[Records from a data source]
BEGIN

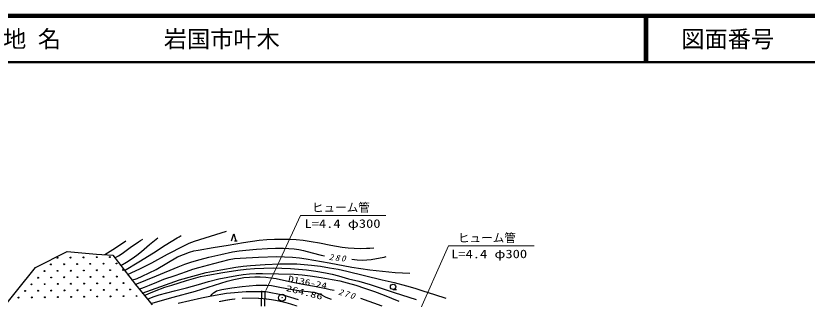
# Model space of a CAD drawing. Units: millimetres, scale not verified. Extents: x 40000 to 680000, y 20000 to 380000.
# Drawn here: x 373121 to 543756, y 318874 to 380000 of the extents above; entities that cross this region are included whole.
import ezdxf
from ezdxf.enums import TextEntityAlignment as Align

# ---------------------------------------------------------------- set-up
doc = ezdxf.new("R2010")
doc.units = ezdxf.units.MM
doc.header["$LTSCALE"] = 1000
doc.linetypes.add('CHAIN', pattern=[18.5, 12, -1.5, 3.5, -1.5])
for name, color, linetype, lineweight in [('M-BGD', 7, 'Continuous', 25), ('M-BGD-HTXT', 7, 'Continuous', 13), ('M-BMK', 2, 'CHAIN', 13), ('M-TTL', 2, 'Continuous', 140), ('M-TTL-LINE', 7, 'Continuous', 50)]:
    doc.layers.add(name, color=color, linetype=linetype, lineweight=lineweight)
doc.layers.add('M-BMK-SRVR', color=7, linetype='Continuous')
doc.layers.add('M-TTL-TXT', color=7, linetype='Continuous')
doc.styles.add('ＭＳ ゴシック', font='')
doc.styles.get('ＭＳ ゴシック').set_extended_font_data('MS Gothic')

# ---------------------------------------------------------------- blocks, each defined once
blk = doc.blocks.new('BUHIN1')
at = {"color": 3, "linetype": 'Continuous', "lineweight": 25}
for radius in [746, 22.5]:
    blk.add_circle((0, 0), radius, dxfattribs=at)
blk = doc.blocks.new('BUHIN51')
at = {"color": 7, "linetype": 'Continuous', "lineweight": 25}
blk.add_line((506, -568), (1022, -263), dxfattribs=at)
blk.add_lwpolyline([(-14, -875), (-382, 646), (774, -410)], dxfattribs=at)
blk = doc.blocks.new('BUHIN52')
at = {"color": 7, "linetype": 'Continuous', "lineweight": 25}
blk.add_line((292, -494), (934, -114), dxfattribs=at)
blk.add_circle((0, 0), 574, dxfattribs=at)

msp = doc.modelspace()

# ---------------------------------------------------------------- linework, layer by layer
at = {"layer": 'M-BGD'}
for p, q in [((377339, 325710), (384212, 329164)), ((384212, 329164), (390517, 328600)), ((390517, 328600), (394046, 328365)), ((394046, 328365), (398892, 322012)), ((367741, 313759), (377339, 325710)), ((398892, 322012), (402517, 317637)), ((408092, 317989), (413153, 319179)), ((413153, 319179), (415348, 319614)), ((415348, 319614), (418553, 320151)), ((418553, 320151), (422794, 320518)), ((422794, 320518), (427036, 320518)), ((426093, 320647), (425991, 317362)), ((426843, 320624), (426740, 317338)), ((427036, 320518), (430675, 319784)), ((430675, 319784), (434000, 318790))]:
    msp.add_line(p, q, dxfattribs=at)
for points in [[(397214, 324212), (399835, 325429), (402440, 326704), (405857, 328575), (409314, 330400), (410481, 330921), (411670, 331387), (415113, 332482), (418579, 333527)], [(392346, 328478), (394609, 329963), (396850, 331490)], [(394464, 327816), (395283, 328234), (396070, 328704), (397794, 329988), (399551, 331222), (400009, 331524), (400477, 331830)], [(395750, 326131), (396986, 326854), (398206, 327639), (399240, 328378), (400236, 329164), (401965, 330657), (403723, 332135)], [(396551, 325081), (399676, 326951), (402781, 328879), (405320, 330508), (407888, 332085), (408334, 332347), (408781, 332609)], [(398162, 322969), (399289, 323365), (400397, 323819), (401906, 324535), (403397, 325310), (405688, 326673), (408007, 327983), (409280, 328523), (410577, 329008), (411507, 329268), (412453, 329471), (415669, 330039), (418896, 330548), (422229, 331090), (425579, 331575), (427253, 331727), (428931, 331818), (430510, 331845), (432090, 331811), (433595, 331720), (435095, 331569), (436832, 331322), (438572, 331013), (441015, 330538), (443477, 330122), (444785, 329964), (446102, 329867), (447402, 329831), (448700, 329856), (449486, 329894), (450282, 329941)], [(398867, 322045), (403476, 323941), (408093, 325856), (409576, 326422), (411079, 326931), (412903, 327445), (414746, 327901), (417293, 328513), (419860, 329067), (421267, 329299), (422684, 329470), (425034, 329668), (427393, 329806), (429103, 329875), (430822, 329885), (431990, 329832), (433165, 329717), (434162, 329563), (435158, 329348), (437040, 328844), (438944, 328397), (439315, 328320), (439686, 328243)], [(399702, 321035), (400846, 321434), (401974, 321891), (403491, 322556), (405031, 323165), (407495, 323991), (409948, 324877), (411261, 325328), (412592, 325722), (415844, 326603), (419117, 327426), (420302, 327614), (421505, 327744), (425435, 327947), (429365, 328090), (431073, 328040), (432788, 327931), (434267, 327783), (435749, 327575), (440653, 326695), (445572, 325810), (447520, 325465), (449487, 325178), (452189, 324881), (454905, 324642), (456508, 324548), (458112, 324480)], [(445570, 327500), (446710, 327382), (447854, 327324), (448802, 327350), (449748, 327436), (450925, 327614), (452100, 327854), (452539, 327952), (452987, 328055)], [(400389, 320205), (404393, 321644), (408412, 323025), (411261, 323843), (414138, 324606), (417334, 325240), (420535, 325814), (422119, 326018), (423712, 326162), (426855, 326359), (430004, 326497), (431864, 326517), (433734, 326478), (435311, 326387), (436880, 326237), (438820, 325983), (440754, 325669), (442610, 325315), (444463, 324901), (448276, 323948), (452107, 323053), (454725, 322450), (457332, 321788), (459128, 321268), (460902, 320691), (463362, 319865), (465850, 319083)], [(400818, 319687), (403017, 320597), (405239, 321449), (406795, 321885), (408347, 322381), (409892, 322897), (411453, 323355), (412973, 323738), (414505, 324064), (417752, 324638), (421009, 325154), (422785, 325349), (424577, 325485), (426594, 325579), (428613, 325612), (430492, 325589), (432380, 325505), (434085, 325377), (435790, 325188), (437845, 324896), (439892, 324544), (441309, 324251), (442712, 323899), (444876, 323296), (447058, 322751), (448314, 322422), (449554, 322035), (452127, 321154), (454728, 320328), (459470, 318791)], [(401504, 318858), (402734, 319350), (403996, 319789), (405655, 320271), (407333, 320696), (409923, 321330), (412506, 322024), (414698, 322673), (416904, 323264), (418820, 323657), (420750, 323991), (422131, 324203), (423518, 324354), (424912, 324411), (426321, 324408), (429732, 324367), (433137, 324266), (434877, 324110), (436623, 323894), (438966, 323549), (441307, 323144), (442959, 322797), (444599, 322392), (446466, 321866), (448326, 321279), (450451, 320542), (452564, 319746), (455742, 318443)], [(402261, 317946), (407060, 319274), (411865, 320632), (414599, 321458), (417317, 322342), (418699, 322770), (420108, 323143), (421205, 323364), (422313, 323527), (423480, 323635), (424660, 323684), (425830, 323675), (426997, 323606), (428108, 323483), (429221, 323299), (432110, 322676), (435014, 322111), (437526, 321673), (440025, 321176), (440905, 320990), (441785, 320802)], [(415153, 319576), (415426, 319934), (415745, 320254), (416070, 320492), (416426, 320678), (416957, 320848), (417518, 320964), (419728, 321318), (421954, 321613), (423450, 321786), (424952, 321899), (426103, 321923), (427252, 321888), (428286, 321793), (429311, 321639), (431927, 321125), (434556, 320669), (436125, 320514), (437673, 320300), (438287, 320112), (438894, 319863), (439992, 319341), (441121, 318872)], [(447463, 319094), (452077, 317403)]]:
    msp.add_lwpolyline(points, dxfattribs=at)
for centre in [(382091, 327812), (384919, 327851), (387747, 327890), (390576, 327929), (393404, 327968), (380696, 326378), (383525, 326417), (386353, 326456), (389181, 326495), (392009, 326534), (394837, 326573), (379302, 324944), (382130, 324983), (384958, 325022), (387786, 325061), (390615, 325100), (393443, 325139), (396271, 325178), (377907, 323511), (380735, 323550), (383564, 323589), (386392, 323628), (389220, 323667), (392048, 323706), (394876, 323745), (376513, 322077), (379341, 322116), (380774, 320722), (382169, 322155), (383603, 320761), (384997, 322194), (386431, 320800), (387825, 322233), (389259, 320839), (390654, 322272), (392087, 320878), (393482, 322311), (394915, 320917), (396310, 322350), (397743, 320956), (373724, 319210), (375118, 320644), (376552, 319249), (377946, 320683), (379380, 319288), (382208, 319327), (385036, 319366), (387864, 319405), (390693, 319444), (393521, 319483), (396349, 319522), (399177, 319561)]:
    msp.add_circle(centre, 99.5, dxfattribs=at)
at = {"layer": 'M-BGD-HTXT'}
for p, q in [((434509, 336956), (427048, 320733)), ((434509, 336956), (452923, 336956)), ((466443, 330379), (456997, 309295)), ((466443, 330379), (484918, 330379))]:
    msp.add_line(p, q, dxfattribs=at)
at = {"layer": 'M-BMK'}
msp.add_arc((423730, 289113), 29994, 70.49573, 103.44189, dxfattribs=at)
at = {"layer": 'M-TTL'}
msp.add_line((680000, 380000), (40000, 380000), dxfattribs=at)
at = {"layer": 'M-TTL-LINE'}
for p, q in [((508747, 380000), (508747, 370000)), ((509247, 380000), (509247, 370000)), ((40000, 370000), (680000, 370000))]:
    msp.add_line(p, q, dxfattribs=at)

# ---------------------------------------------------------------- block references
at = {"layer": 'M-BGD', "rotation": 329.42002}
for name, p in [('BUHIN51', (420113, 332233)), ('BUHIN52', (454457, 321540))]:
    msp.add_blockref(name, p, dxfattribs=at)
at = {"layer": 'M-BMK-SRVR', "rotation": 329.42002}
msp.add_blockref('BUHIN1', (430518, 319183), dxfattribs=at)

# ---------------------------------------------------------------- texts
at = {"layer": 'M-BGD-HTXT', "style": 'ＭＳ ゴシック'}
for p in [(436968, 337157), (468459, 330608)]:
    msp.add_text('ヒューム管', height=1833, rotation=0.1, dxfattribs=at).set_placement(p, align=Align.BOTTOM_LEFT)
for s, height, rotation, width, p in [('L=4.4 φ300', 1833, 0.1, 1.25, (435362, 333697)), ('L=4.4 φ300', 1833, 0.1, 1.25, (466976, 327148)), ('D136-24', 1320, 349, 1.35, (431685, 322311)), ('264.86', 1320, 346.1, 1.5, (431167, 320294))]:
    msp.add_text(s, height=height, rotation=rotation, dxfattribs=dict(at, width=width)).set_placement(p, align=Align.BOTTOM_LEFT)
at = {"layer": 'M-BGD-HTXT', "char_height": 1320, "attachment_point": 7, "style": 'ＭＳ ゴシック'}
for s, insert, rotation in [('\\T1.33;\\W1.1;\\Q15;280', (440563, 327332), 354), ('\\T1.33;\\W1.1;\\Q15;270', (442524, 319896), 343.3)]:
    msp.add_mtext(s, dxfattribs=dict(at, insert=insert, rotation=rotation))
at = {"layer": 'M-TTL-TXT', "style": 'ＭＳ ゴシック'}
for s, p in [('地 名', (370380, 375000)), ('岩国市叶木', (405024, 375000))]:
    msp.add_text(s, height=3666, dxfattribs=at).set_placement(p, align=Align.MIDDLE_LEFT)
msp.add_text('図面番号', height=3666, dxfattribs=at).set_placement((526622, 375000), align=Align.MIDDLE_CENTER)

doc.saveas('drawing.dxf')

END

__What needs to be done__
What is needed is an exact copy of the lines from the start of the records through the line containing "doc.units = ezdxf.units.MM", with no pictures.

__Written solution__
# Model space of a CAD drawing. Units: millimetres, scale not verified. Extents: x 40000 to 680000, y 20000 to 380000.
# Drawn here: x 373121 to 543756, y 318874 to 380000 of the extents above; entities that cross this region are included whole.
import ezdxf
from ezdxf.enums import TextEntityAlignment as Align

# ---------------------------------------------------------------- set-up
doc = ezdxf.new("R2010")
doc.units = ezdxf.units.MM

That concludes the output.